Reviving Sputnik (or making math matter)
Every once in a while, there's a new wave of stories about how Americans are losing our edge in math and science. These articles usually talk about what happened in the wake of Sputnik. Suddenly, the story goes, Congress found money for training young mathematicians and giving young academics grants and the like. And we did wind up beating the Soviets to the moon. Maybe, the stories say, we should do the same now.
We're in the midst of another wave of such stories at the moment. President Bush is expected to talk about our competitiveness in these fields tonight in his State of the Union address. The Business Roundtable and US Chamber of Commerce are also lobbying on the matter. One proposal floating around is to pay math teachers more than other teachers, though this is vigorously opposed by the NEA. You can read about the push in an Associated Press article here.

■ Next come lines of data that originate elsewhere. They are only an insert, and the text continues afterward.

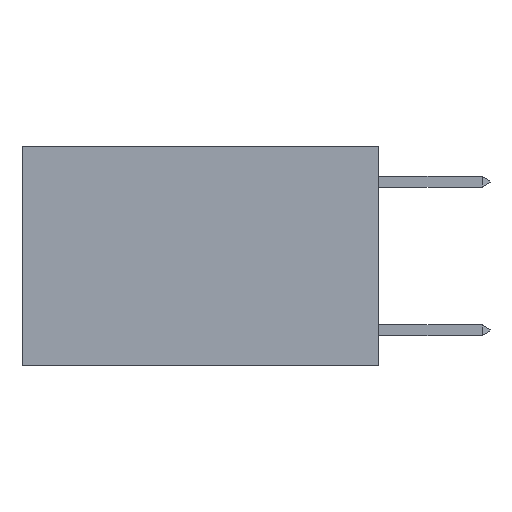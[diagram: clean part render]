
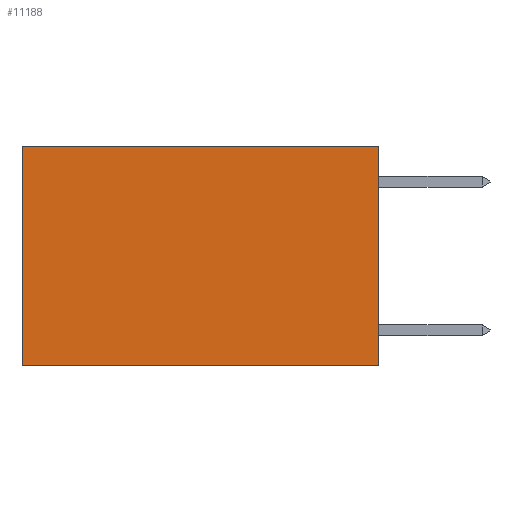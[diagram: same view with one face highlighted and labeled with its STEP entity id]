
A CAD part, left-side view. The second image highlights one B-rep face of the part: STEP entity #11188.
In plain terms, the highlighted planar face has unit normal (-1, 0, 0).
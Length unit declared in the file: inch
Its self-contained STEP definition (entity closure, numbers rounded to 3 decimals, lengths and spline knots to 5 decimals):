
#67 = DIRECTION ( 'NONE',  ( 0., 0., -1. ) ) ;
#294 = CARTESIAN_POINT ( 'NONE',  ( 0.2625, 0., -0.37 ) ) ;
#849 = LINE ( 'NONE', #7673, #7289 ) ;
#1073 = DIRECTION ( 'NONE',  ( 0., 1., 0. ) ) ;
#1280 = VERTEX_POINT ( 'NONE', #5838 ) ;
#1285 = CARTESIAN_POINT ( 'NONE',  ( 0.2625, 0., 0. ) ) ;
#1692 = EDGE_CURVE ( 'NONE', #6783, #3052, #10484, .T. ) ;
#1828 = VERTEX_POINT ( 'NONE', #294 ) ;
#2197 = EDGE_CURVE ( 'NONE', #1828, #3052, #849, .T. ) ;
#2236 = FACE_OUTER_BOUND ( 'NONE', #8766, .T. ) ;
#3052 = VERTEX_POINT ( 'NONE', #9636 ) ;
#3119 = ORIENTED_EDGE ( 'NONE', *, *, #6924, .F. ) ;
#4262 = DIRECTION ( 'NONE',  ( 1., 0., 0. ) ) ;
#4432 = CARTESIAN_POINT ( 'NONE',  ( 0.2625, 0.6, 0. ) ) ;
#4877 = CARTESIAN_POINT ( 'NONE',  ( 0.2625, 0.6, 0. ) ) ;
#4941 = PLANE ( 'NONE',  #8570 ) ;
#5251 = CARTESIAN_POINT ( 'NONE',  ( 0.2625, 0., 0. ) ) ;
#5838 = CARTESIAN_POINT ( 'NONE',  ( 0.2625, 0., 0. ) ) ;
#5848 = LINE ( 'NONE', #11384, #10121 ) ;
#6783 = VERTEX_POINT ( 'NONE', #4432 ) ;
#6924 = EDGE_CURVE ( 'NONE', #1280, #1828, #10912, .T. ) ;
#7289 = VECTOR ( 'NONE', #9427, 39.37008 ) ;
#7439 = ORIENTED_EDGE ( 'NONE', *, *, #1692, .T. ) ;
#7673 = CARTESIAN_POINT ( 'NONE',  ( 0.2625, 0., -0.37 ) ) ;
#8034 = VECTOR ( 'NONE', #67, 39.37008 ) ;
#8570 = AXIS2_PLACEMENT_3D ( 'NONE', #1285, #4262, #11541 ) ;
#8766 = EDGE_LOOP ( 'NONE', ( #7439, #10014, #3119, #12097 ) ) ;
#8987 = DIRECTION ( 'NONE',  ( 0., 0., -1. ) ) ;
#8992 = EDGE_CURVE ( 'NONE', #1280, #6783, #5848, .T. ) ;
#9427 = DIRECTION ( 'NONE',  ( 0., 1., 0. ) ) ;
#9636 = CARTESIAN_POINT ( 'NONE',  ( 0.2625, 0.6, -0.37 ) ) ;
#10014 = ORIENTED_EDGE ( 'NONE', *, *, #2197, .F. ) ;
#10121 = VECTOR ( 'NONE', #1073, 39.37008 ) ;
#10277 = VECTOR ( 'NONE', #8987, 39.37008 ) ;
#10484 = LINE ( 'NONE', #4877, #8034 ) ;
#10912 = LINE ( 'NONE', #5251, #10277 ) ;
#11188 = ADVANCED_FACE ( 'NONE', ( #2236 ), #4941, .F. ) ;
#11384 = CARTESIAN_POINT ( 'NONE',  ( 0.2625, 0., 0. ) ) ;
#11541 = DIRECTION ( 'NONE',  ( 0., 0., -1. ) ) ;
#12097 = ORIENTED_EDGE ( 'NONE', *, *, #8992, .T. ) ;

Paying math teachers more is one solution. I'm a little wary of various proposals to "make math fun." These are noble in intent, but occasionally make math fun by watering it down. Don't get me wrong -- I hated doing worksheets of 90 single digit multiplication problems. But I recall reading an essay in O magazine last year about a young woman who hated math growing up, and then wrote that she was thrilled to see that some young people in her neighborhood now had a math program where they talked a lot about math, worked in groups and shied from the pure quant problems. Maybe that's an improvement, but I'm not sure. Some kids do like numbers without the fuzzy stuff.
I realize math is collaborative -- but I'd like to see collaboration follow after kids learn the basics individually. Here's my idea for improving America's math competitiveness. All classrooms could have a computer program (and enough screens) where kids work through math lesson plans and problems. If you get enough right, you move forward in the computer program. If you seem unsure about a concept, you or the machine summon your teacher. The teacher helps, and the computer program has tutorials as well. You move on when you master something. There are programs that approximate this now.
But the key part is that there should be no "end" of the program to correspond with the school year. If you master arithmetic, you move on to pre-algebra concepts. Master those, you move on to algebra, trigonometry, calculus, etc. One sixth grader could be stretching herself learning calculus while her classmate next to her is brushing up on her arithmetic. Both will be learning to the extent of their abilities. This is doable in a field like math (at least up through the calculus level or so) in a way it isn't in English or history. I bet you'd see a lot of kids learning a lot more than they do now. And gifted kids would be challenged. Maybe one of the tech companies pushing Congress to do something about math education could produce such a system.